SUPPLIED MATERIAL:
------------

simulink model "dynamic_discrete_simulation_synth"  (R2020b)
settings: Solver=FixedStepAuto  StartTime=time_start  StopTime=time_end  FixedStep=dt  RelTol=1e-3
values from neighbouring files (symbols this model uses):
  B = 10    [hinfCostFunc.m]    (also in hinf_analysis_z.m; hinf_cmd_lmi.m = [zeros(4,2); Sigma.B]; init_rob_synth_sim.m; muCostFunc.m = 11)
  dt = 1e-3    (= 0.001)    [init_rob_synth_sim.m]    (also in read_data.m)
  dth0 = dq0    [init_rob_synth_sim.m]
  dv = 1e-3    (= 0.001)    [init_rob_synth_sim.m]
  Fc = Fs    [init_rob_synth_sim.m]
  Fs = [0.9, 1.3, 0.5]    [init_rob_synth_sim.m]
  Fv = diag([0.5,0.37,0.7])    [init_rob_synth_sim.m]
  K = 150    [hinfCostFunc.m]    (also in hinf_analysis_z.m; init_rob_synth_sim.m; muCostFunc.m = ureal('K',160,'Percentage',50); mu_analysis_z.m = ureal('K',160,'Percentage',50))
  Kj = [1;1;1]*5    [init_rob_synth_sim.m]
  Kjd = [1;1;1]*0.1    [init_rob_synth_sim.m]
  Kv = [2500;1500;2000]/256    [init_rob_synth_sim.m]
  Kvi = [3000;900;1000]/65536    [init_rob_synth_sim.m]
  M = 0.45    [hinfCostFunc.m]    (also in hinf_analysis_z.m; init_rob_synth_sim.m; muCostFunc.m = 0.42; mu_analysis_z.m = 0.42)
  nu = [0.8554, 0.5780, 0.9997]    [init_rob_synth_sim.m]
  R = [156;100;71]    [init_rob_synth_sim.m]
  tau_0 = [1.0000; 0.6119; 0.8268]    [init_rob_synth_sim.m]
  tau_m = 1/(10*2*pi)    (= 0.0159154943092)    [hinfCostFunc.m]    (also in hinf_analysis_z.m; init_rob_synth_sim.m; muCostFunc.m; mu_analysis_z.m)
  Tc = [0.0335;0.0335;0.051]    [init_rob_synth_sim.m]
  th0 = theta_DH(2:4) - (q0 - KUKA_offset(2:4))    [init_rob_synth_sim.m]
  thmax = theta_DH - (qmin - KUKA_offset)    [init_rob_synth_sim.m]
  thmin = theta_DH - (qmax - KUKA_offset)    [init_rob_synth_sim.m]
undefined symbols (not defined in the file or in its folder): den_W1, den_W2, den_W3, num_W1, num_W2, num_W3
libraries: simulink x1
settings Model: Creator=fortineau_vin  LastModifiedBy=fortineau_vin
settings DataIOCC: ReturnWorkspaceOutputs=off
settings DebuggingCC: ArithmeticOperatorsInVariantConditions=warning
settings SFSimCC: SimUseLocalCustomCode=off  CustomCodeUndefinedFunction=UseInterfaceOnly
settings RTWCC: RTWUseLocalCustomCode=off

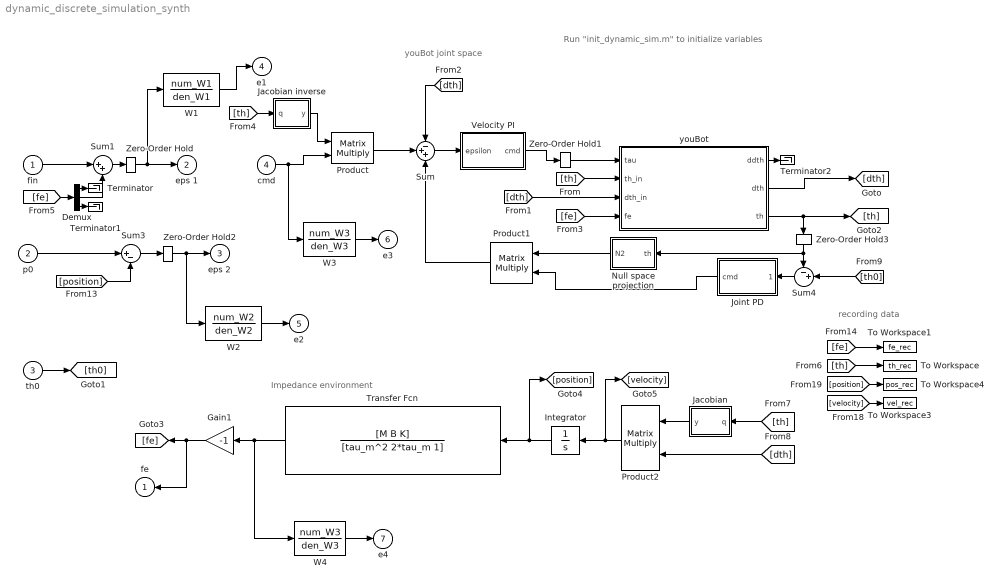
== system dynamic_discrete_simulation_synth ==
  note: recording data
  note: Run "init_dynamic_sim.m" to initialize variables
  note: youBot joint space
  note: Impedance environment
  fin : Inport
  p0 : Inport  Port=2
  th0 : Inport  Port=3
  cmd : Inport  Port=4
  Demux : Demux  Outputs=3
  Gain1 : Gain  Gain=-1
  Integrator : Integrator
  Jacobian : MATLAB Function  TreatAsAtomicUnit=on
  Jacobian inverse : MATLAB Function  TreatAsAtomicUnit=on
  Joint PD : Subsystem
  Null space projection : Subsystem
  Product : Product  Multiplication=Matrix(*)
  Product1 : Product  Multiplication=Matrix(*)
  Product2 : Product  Multiplication=Matrix(*)
  Sum : Sum  Inputs=-++
  Sum1 : Sum  Inputs=|++
  Sum3 : Sum  Inputs=|+-
  Sum4 : Sum  Inputs=-+|
  Terminator : Terminator
  Terminator1 : Terminator
  Terminator2 : Terminator
  To Workspace : ToWorkspace  VariableName=th_rec  SaveFormat=Structure  SampleTime=1e-3
      settings: Save2DSignal=2-D array (concatenate along first dimension)
  To Workspace1 : ToWorkspace  VariableName=fe_rec  SaveFormat=Structure  SampleTime=1e-3
      settings: Save2DSignal=2-D array (concatenate along first dimension)
  To Workspace3 : ToWorkspace  VariableName=vel_rec  SaveFormat=Structure  SampleTime=1e-3
      settings: Save2DSignal=2-D array (concatenate along first dimension)
  To Workspace4 : ToWorkspace  VariableName=pos_rec  SaveFormat=Structure  SampleTime=1e-3
      settings: Save2DSignal=2-D array (concatenate along first dimension)
  Transfer Fcn : TransferFcn  Numerator=[M B K]  Denominator=[tau_m^2 2*tau_m 1]
  Velocity PI : Subsystem
  W1 : TransferFcn  Numerator=num_W1  Denominator=den_W1
  W2 : TransferFcn  Numerator=num_W2  Denominator=den_W2
  W3 : TransferFcn  Numerator=num_W3  Denominator=den_W3
  W4 : TransferFcn  Numerator=num_W3  Denominator=den_W3
  Zero-Order Hold{,1..3} (4 alike) : ZeroOrderHold  SampleTime=dt
  youBot : Subsystem
  fe : Outport
  eps 1 : Outport  Port=2
  eps 2 : Outport  Port=3
  e1 : Outport  Port=4
  e2 : Outport  Port=5
  e3 : Outport  Port=6
  e4 : Outport  Port=7
  wires:
  Velocity PI/1(cmd) -> Zero-Order Hold1/1
  Sum/1 -> Velocity PI/1(epsilon)
  [dth] -> Sum/1
  Product/1 -> Sum/2
  Sum1/1 -> Zero-Order Hold/1
  [th] -> Jacobian inverse/1(q)
  Sum3/1 -> Zero-Order Hold2/1
  p0/1 -> Sum3/1
  [position] -> Sum3/2
  [th] -> To Workspace/1
  [fe] -> To Workspace1/1
  [th] -> youBot/2(th_in)
  [dth] -> youBot/3(dth_in)
  youBot/1(ddth) -> Terminator2/1
  youBot/2(dth) -> [dth]
  Sum4/1 -> Joint PD/1(epsilon)
  [th0] -> Sum4/2
  Null space projection/1(N2) -> Product1/1
  youBot/3(th) -> [th], Zero-Order Hold3/1
  Joint PD/1(cmd) -> Product1/2
  Product1/1 -> Sum/3
  [velocity] -> To Workspace3/1
  [position] -> To Workspace4/1
  cmd/1 -> W3/1, Product/2
  Jacobian inverse/1(y) -> Product/1
  Demux/2 -> Sum1/2
  Zero-Order Hold1/1 -> youBot/1(tau)
  [fe] -> Demux/1
  [fe] -> youBot/4(fe)
  Demux/1 -> Terminator/1
  Demux/3 -> Terminator1/1
  Zero-Order Hold/1 -> eps 1/1, W1/1
  Zero-Order Hold2/1 -> W2/1, eps 2/1
  Zero-Order Hold3/1 -> Null space projection/1(th), Sum4/1
  fin/1 -> Sum1/1
  [th] -> Jacobian/1(q)
  [dth] -> Product2/2
  Jacobian/1(y) -> Product2/1
  th0/1 -> [th0]
  Gain1/1 -> fe/1, [fe]
  Transfer Fcn/1 -> W4/1, Gain1/1
  Integrator/1 -> [position], Transfer Fcn/1
  Product2/1 -> [velocity], Integrator/1
  W1/1 -> e1/1
  W2/1 -> e2/1
  W3/1 -> e3/1
  W4/1 -> e4/1

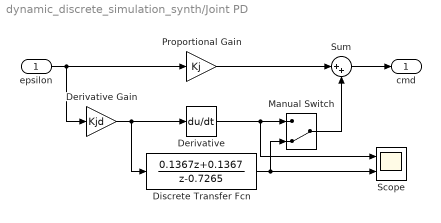
== system dynamic_discrete_simulation_synth/Joint PD ==
  epsilon : Inport
  " Derivative Gain" : Gain  Gain=Kjd
  Derivative : Derivative
  Discrete Transfer Fcn : DiscreteTransferFcn  Numerator=[0.1367 0.1367]  Denominator=[1 -0.7265]
  Manual Switch : ManualSwitch  CurrentSetting=0
  Proportional Gain : Gain  Gain=Kj
  Scope : Scope  NumInputPorts=2
  Sum : Sum  Inputs=|++
  cmd : Outport  VectorParamsAs1DForOutWhenUnconnected=off
  wires:
  Sum/1 -> cmd/1
  epsilon/1 -> " Derivative Gain"/1, Proportional Gain/1
  " Derivative Gain"/1 -> Derivative/1, Discrete Transfer Fcn/1
  Proportional Gain/1 -> Sum/1
  Derivative/1 -> Scope/1, Manual Switch/1
  Manual Switch/1 -> Sum/2
  Discrete Transfer Fcn/1 -> Scope/2, Manual Switch/2

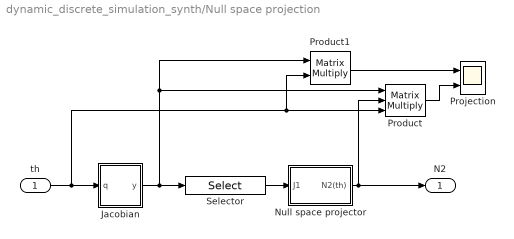
== system dynamic_discrete_simulation_synth/Null space projection ==
  th : Inport
  Jacobian : MATLAB Function  TreatAsAtomicUnit=on
  Null space projector : Subsystem
  Product : Product  Inputs=3  Multiplication=Matrix(*)
  Product1 : Product  Multiplication=Matrix(*)
  Projection : Scope  NumInputPorts=2
  Selector : Selector  NumberOfDimensions=2  InputPortWidth=3  IndexOptions=Index vector (dialog),Index vector (dialog)  Indices=2,[1 2 3]  OutputSizes=1,1
  N2 : Outport  VectorParamsAs1DForOutWhenUnconnected=off
  wires:
  Null space projector/1(N2(th)) -> N2/1, Product/2
  Jacobian/1(y) -> Product1/1, Product/1, Selector/1
  Selector/1 -> Null space projector/1(J1)
  th/1 -> Product1/2, Product/3, Jacobian/1(q)
  Product/1 -> Projection/2
  Product1/1 -> Projection/1

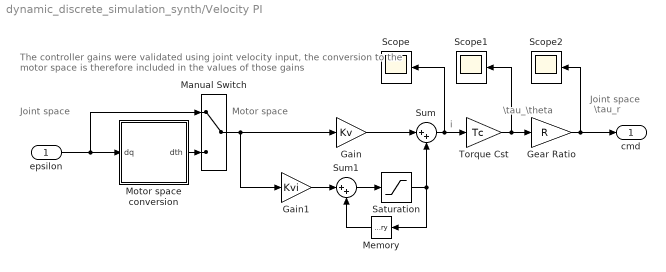
== system dynamic_discrete_simulation_synth/Velocity PI ==
  note: The controller gains were validated using joint velocity input, the conversion to
      | the motor space is therefore included in the values of those gains
  note: \tau_\theta
  note: i
  note: Motor space
  note: Joint space
  note: \tau_r
  note: Joint space
  epsilon : Inport
  Gain : Gain  Gain=Kv
  Gain1 : Gain  Gain=Kvi
  Gear Ratio : Gain  Gain=R
  Manual Switch : ManualSwitch
  Memory : Memory
  Motor space conversion : Subsystem
  Saturation : Saturate  UpperLimit=100  LowerLimit=-100
  Scope : Scope
  Scope1 : Scope
  Scope2 : Scope
  Sum : Sum  Inputs=|++
  Sum1 : Sum  Inputs=|++
  Torque Cst : Gain  Gain=Tc
  cmd : Outport  VectorParamsAs1DForOutWhenUnconnected=off
  wires:
  Gain/1 -> Sum/1
  Saturation/1 -> Sum/2, Memory/1
  Gear Ratio/1 -> Scope2/1, cmd/1
  Sum/1 -> Scope/1, Torque Cst/1
  Torque Cst/1 -> Scope1/1, Gear Ratio/1
  epsilon/1 -> Manual Switch/1, Motor space conversion/1(dq)
  Motor space conversion/1(dth) -> Manual Switch/2
  Manual Switch/1 -> Gain/1, Gain1/1
  Sum1/1 -> Saturation/1
  Memory/1 -> Sum1/2
  Gain1/1 -> Sum1/1

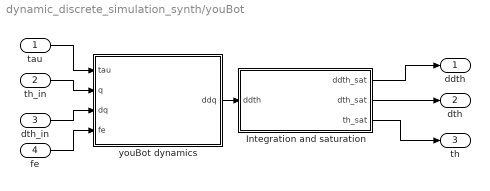
== system dynamic_discrete_simulation_synth/youBot ==
  tau : Inport
  th_in : Inport  Port=2
  dth_in : Inport  Port=3
  fe : Inport  Port=4
  Integration and saturation : Subsystem
  youBot dynamics : Subsystem
  ddth : Outport  VectorParamsAs1DForOutWhenUnconnected=off
  dth : Outport  Port=2  VectorParamsAs1DForOutWhenUnconnected=off
  th : Outport  Port=3  VectorParamsAs1DForOutWhenUnconnected=off
  wires:
  tau/1 -> youBot dynamics/1(tau)
  youBot dynamics/1(ddq) -> Integration and saturation/1(ddth)
  dth_in/1 -> youBot dynamics/3("dq ")
  th_in/1 -> youBot dynamics/2("q ")
  fe/1 -> youBot dynamics/4(fe)
  Integration and saturation/3(th_sat) -> th/1
  Integration and saturation/1(ddth_sat) -> ddth/1
  Integration and saturation/2(dth_sat) -> dth/1

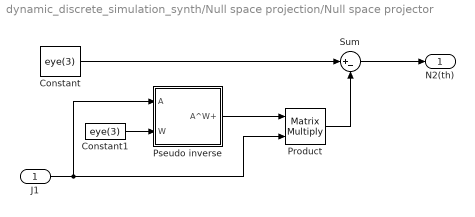
== system dynamic_discrete_simulation_synth/Null space projection/Null space projector ==
  J1 : Inport
  Constant : Constant  Value=eye(3)  VectorParams1D=off
  Constant1 : Constant  Value=eye(3)  VectorParams1D=off
  Product : Product  Multiplication=Matrix(*)
  Pseudo inverse : Subsystem
  Sum : Sum  Inputs=|+-
  N2(th) : Outport  VectorParamsAs1DForOutWhenUnconnected=off
  wires:
  Constant/1 -> Sum/1
  Constant1/1 -> Pseudo inverse/2(W)
  J1/1 -> Pseudo inverse/1(A), Product/2
  Pseudo inverse/1(A^W+) -> Product/1
  Product/1 -> Sum/2
  Sum/1 -> N2(th)/1

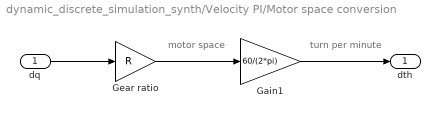
== system dynamic_discrete_simulation_synth/Velocity PI/Motor space conversion ==
  note: motor space
  note: turn per minute
  dq : Inport
  Gain1 : Gain  Gain=60/(2*pi)
  Gear ratio : Gain  Gain=R
  dth : Outport  VectorParamsAs1DForOutWhenUnconnected=off
  wires:
  dq/1 -> Gear ratio/1
  Gear ratio/1 -> Gain1/1
  Gain1/1 -> dth/1

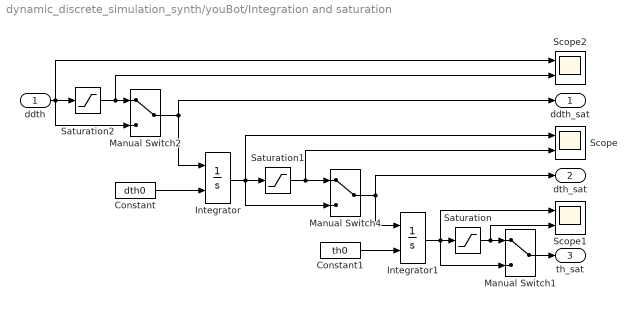
== system dynamic_discrete_simulation_synth/youBot/Integration and saturation ==
  ddth : Inport
  Constant : Constant  Value=dth0
  Constant1 : Constant  Value=th0
  Integrator : Integrator  InitialConditionSource=external
  Integrator1 : Integrator  InitialConditionSource=external
  Manual Switch1 : ManualSwitch
  Manual Switch2 : ManualSwitch
  Manual Switch4 : ManualSwitch
  Saturation : Saturate  UpperLimit=thmax(2:4)'  LowerLimit=thmin(2:4)'
  Saturation1 : Saturate  UpperLimit=[2.685122; 4.188790; 5.899705]  LowerLimit=[-2.685122; -4.188790; -5.899705]
  Saturation2 : Saturate  UpperLimit=[10;10;10]  LowerLimit=[-10;-10;-10]
  Scope : Scope  NumInputPorts=2
  Scope1 : Scope  NumInputPorts=2
  Scope2 : Scope  NumInputPorts=2
  ddth_sat : Outport  VectorParamsAs1DForOutWhenUnconnected=off
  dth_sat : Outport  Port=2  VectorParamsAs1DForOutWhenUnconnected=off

------------

Transcribe each line of the data above, unaltered, from the one where "W4 : TransferFcn" appears to the one where "Zero-Order Hold2/1 -> W2/1, eps 2/1" appears, inclusive of both.

  W4 : TransferFcn  Numerator=num_W3  Denominator=den_W3
  Zero-Order Hold{,1..3} (4 alike) : ZeroOrderHold  SampleTime=dt
  youBot : Subsystem
  fe : Outport
  eps 1 : Outport  Port=2
  eps 2 : Outport  Port=3
  e1 : Outport  Port=4
  e2 : Outport  Port=5
  e3 : Outport  Port=6
  e4 : Outport  Port=7
  wires:
  Velocity PI/1(cmd) -> Zero-Order Hold1/1
  Sum/1 -> Velocity PI/1(epsilon)
  [dth] -> Sum/1
  Product/1 -> Sum/2
  Sum1/1 -> Zero-Order Hold/1
  [th] -> Jacobian inverse/1(q)
  Sum3/1 -> Zero-Order Hold2/1
  p0/1 -> Sum3/1
  [position] -> Sum3/2
  [th] -> To Workspace/1
  [fe] -> To Workspace1/1
  [th] -> youBot/2(th_in)
  [dth] -> youBot/3(dth_in)
  youBot/1(ddth) -> Terminator2/1
  youBot/2(dth) -> [dth]
  Sum4/1 -> Joint PD/1(epsilon)
  [th0] -> Sum4/2
  Null space projection/1(N2) -> Product1/1
  youBot/3(th) -> [th], Zero-Order Hold3/1
  Joint PD/1(cmd) -> Product1/2
  Product1/1 -> Sum/3
  [velocity] -> To Workspace3/1
  [position] -> To Workspace4/1
  cmd/1 -> W3/1, Product/2
  Jacobian inverse/1(y) -> Product/1
  Demux/2 -> Sum1/2
  Zero-Order Hold1/1 -> youBot/1(tau)
  [fe] -> Demux/1
  [fe] -> youBot/4(fe)
  Demux/1 -> Terminator/1
  Demux/3 -> Terminator1/1
  Zero-Order Hold/1 -> eps 1/1, W1/1
  Zero-Order Hold2/1 -> W2/1, eps 2/1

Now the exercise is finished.